France is co-organizing a “humanitarian operation”
On Friday, a first step forward was taken. Emmanuel Macron announced the organization of a “humanitarian operation” in Mariupol where 100,000 people – out of the 400,000 in the city before the war – would still be blocked. France, Turkey and Greece will be in charge. The president is to meet soon with Vladimir Putin to discuss the terms.
“I hope to be able to involve as many stakeholders as possible in this operation”, continued the Head of State, who wants to lead the evacuation “in the very next few days”. His advisers spoke with Vadim Boychenko, the mayor of Mariupol. Likewise, on Saturday, the French ambassador to Ukraine to talk about possible options on the ground.
At the same time, local authorities have accused Russia of deporting civilians to its territory. On Telegram, Thursday evening, Vadim Boychenko advanced the number of 15,000 inhabitants taken “by force” on board buses, as well as “the confiscation of Ukrainian passports” of inhabitants stuck there. The representative of the United Nations High Commissioner for Human Rights in Ukraine has not (yet) been able to verify these accusations.
Establishing a casualty toll is equally difficult, as the incessant shelling is hampering the work of rescuing and extricating those trapped under the rubble. But according to the latest count communicated by the town hall, at least 2,000 civilians have been killed since the start of the Russian invasion. Including about 300 only in the bombardment of the theater where hundreds of civilians had taken refuge, on March 16 – it is however a first assessment established by the municipality ten days after the facts and impossible to verify. “Many doctors have been killed.
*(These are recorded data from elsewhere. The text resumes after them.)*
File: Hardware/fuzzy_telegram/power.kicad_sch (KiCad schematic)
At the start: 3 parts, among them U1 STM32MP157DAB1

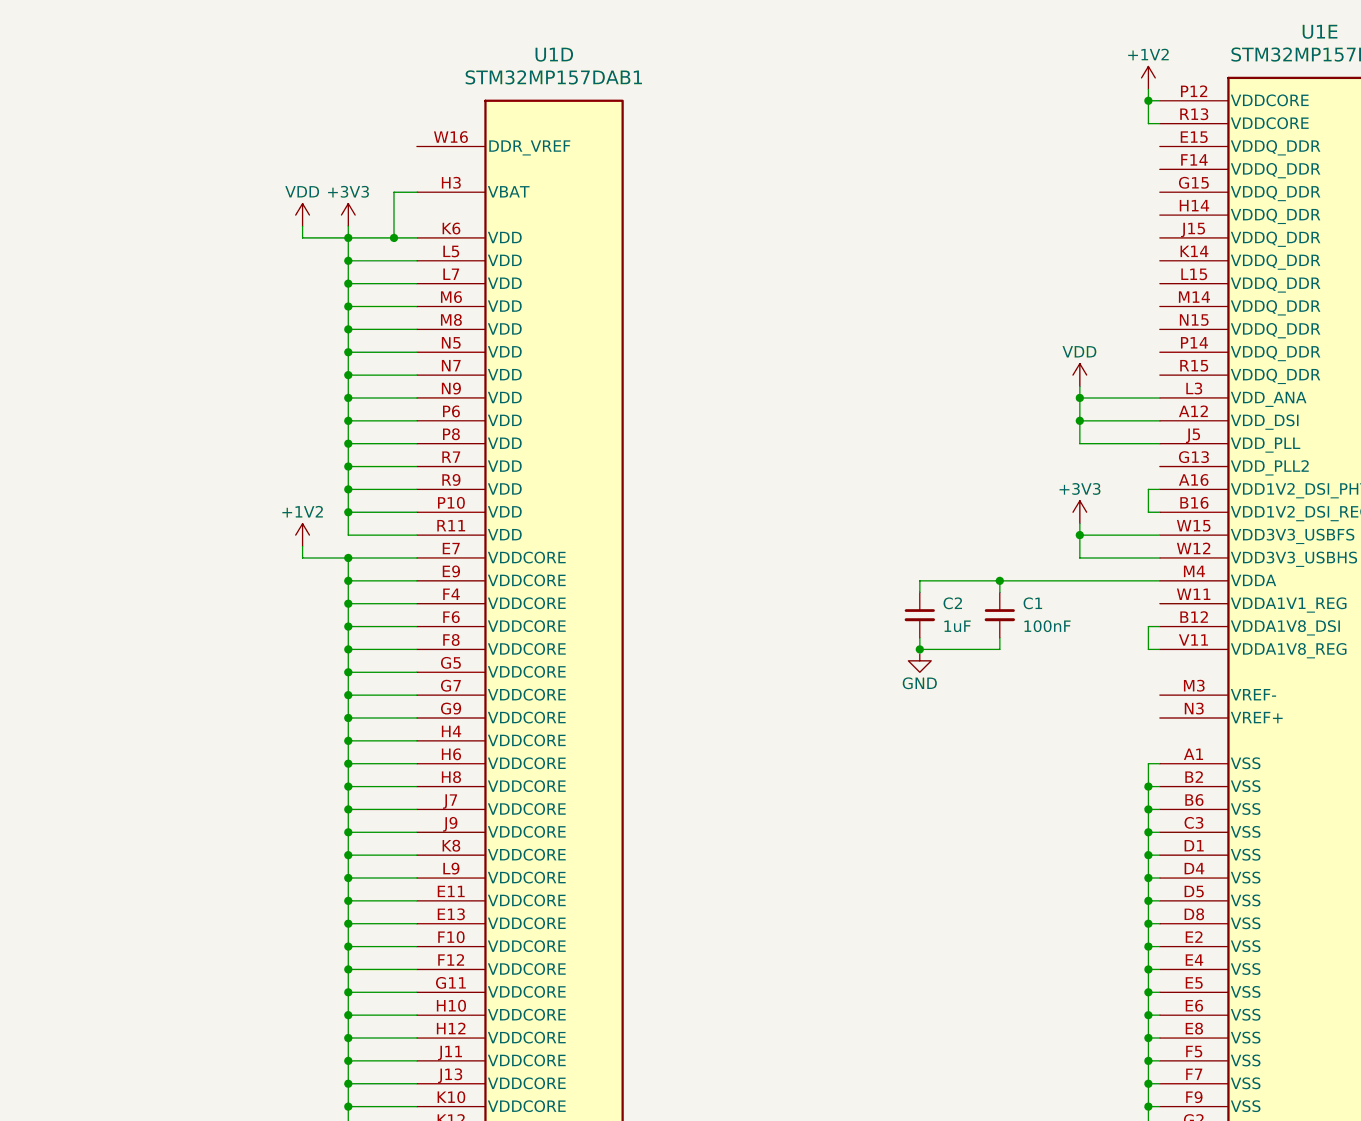
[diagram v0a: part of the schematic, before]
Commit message: STM32MP decoupling caps
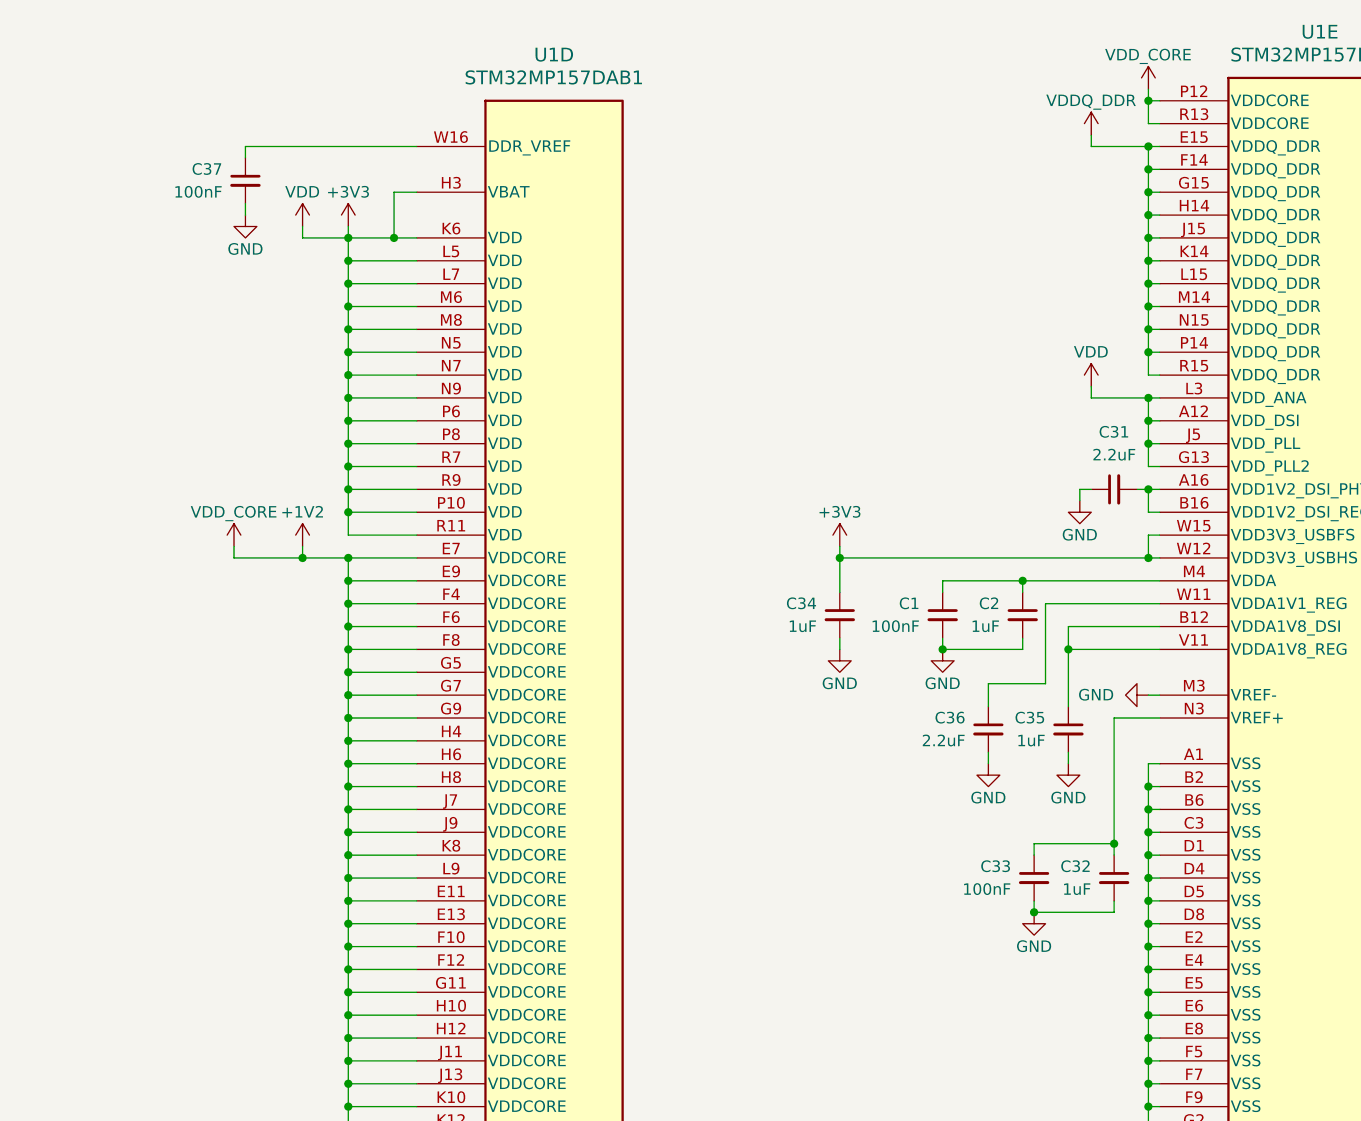
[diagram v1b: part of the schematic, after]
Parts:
- added C31, C36: 2.2uF, symbol Device:C_Small
- added C32, C34, C35: 1uF, symbol Device:C_Small
- added C33, C37: 100nF, symbol Device:C_Small
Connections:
- net +3V3: now also U1.G13 (VDD_PLL2), C34.1
- net GND: now also U1.M3 (VREF-), C31.1, C32.2, C33.2, C34.2, C35.2, C36.2, C37.2
- net at U1.A16 (VDD1V2_DSI_PHY), U1.B16 (VDD1V2_DSI_REG): now also C31.2
- net at U1.B12 (VDDA1V8_DSI), U1.V11 (VDDA1V8_REG): now also C35.1
- net VDDQ_DDR: now reaches U1.E15 (VDDQ_DDR)
- net VDDQ_DDR: now also U1.F14 (VDDQ_DDR), U1.G15 (VDDQ_DDR), U1.H14 (VDDQ_DDR), U1.J15 (VDDQ_DDR), U1.K14 (VDDQ_DDR), U1.L15 (VDDQ_DDR), U1.M14 (VDDQ_DDR), U1.N15 (VDDQ_DDR), U1.P14 (VDDQ_DDR), U1.R15 (VDDQ_DDR)
- net at U1.N3 (VREF+): now also C32.1, C33.1
- net at U1.W11 (VDDA1V1_REG): now also C36.1
- net at U1.W16 (DDR_VREF): now also C37.1
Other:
- moved on the sheet: C1, C2

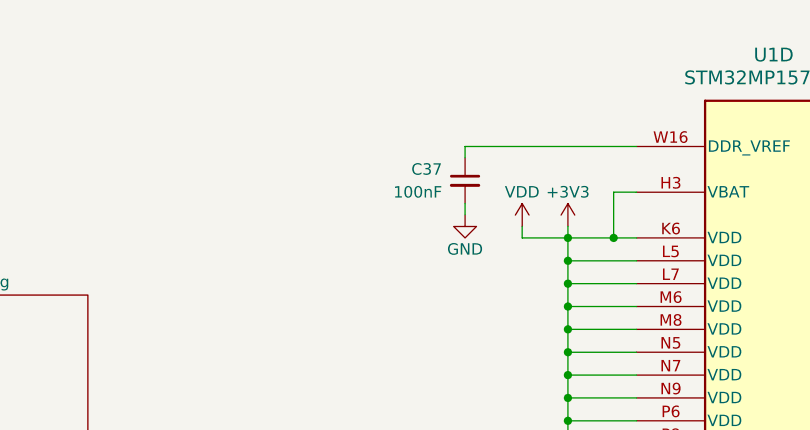
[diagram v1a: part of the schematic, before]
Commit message: add SD card and more
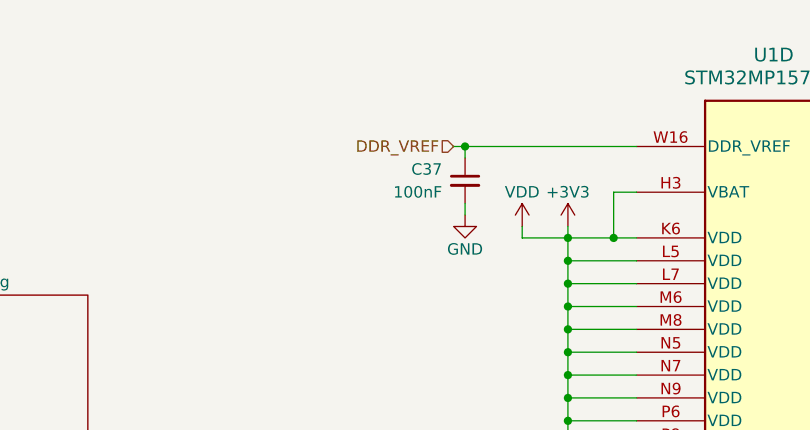
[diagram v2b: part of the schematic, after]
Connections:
- net DDR_VREF: now reaches C37.1, U1.W16 (DDR_VREF)
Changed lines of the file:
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@@
 	)
 	(junction
+		(at 90.17 31.75)
+		(diameter 0)
+		(color 0 0 0 0)
+	)
+	(junction
 		(at 101.6 80.01)
 		(diameter 0)
@@
 	(wire
 		(pts
+			(xy 88.9 31.75) (xy 90.17 31.75)
+		)
+		(stroke
+			(width 0)
+			(type default)
+		)
+	)
+	(wire
+		(pts
 			(xy 255.27 74.93) (xy 255.27 77.47)
 		)
@@
 		)
 	)
+	(hierarchical_label "DDR_VREF"
+		(shape input)
+		(at 88.9 31.75 180)
+		(effects
+			(font
+				(size 1.27 1.27)
+			)
+			(justify right)
+		)
+	)

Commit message: Started power design
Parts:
- added C43, C45, C52, C53, C54, C55: 100nF, symbol Device:C_Small
- added C46, C47, C49, C50, C56, C57: 47uF, symbol Device:C_Small
- added C48, C51, C58: 1uF, symbol Device:C_Small
- added R13, R20: 10k, symbol Device:R_Small
- added R14: 23.2, symbol Device:R_Small
- added R17: 332k, symbol Device:R_Small
- added R18: 100k, symbol Device:R_Small
- added R19: 2k, symbol Device:R_Small
- added R23: 3.5k, symbol Device:R_Small
- added R24: ??, symbol Device:R_Small
- added U5, U6, U7: TPSM33625FRDNR, fuzzy_telegram:RDN0011A-MFG-NO-VIA, symbol fuzzy_telegram:TPSM33625
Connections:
- net +1V2: now also C46.1, C47.1, R19.1, U6.4 (VOUT)
- net +3V3: now also C49.1, C50.1, R14.1, U5.4 (VOUT)
- net GND: now also C43.2, C45.2, C46.2, C47.2, C48.2, C49.2, C50.2, C51.2, C52.2, C53.2, C54.2, C55.2, C56.2, C57.2, C58.2, R13.2, R18.2, R20.2, R24.2, U5.10 (GND), U5.11 (MODE), U6.10 (GND), U6.11 (MODE), U7.10 (GND), U7.11 (MODE)
- net VDDQ_DDR renamed +1V35
- net +1V35: now also C56.1, C57.1, R23.1, U7.4 (VOUT)
- new net: C48.1, U6.8 (VCC)
- new net: C43.1, C45.1, U6.3 (VIN)
- new net: C52.1, C53.1, R17.1, U5.3 (VIN)
- new net: R17.2, R18.1, U5.2 (EN)
- new net: C51.1, U5.8 (VCC)
- new net: R13.1, R14.2, U5.9 (FB)
- new net: R19.2, R20.1, U6.9 (FB)
- new net: R23.2, R24.1, U7.9 (FB)
- new net: C54.1, C55.1, U7.3 (VIN)
- new net: C58.1, U7.8 (VCC)
- new net 1V2_EN: U6.2 (EN)
- new net 1V35_EN: U7.2 (EN)
- no-connect marks 0 -> 3
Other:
- moved on the sheet: C37, U1D

This means that all the survivors of the attack will die under the ruins of the theater, or are already dead”, also lamented on Facebookthe day after the attack, Ukrainian MP Serhiy Taruta.
Hired as a volunteer rescuer, the elected municipal official of Mariupol Katerina Soukhomlynova confirmed to AFP that it is “very difficult to count the dead”. She also recalled the still unknown fate of the 400 civilians who were in an art school, bombed on March 20. Such disasters make him say that the toll of civilians killed, given by the town hall, is largely underestimated. The local news site 0629.com.ua, for its part, collected the testimony of a survivor present in the theater during the bombardment, which subsequently managed to flee the city: “What we saw around us was blood and chaos.”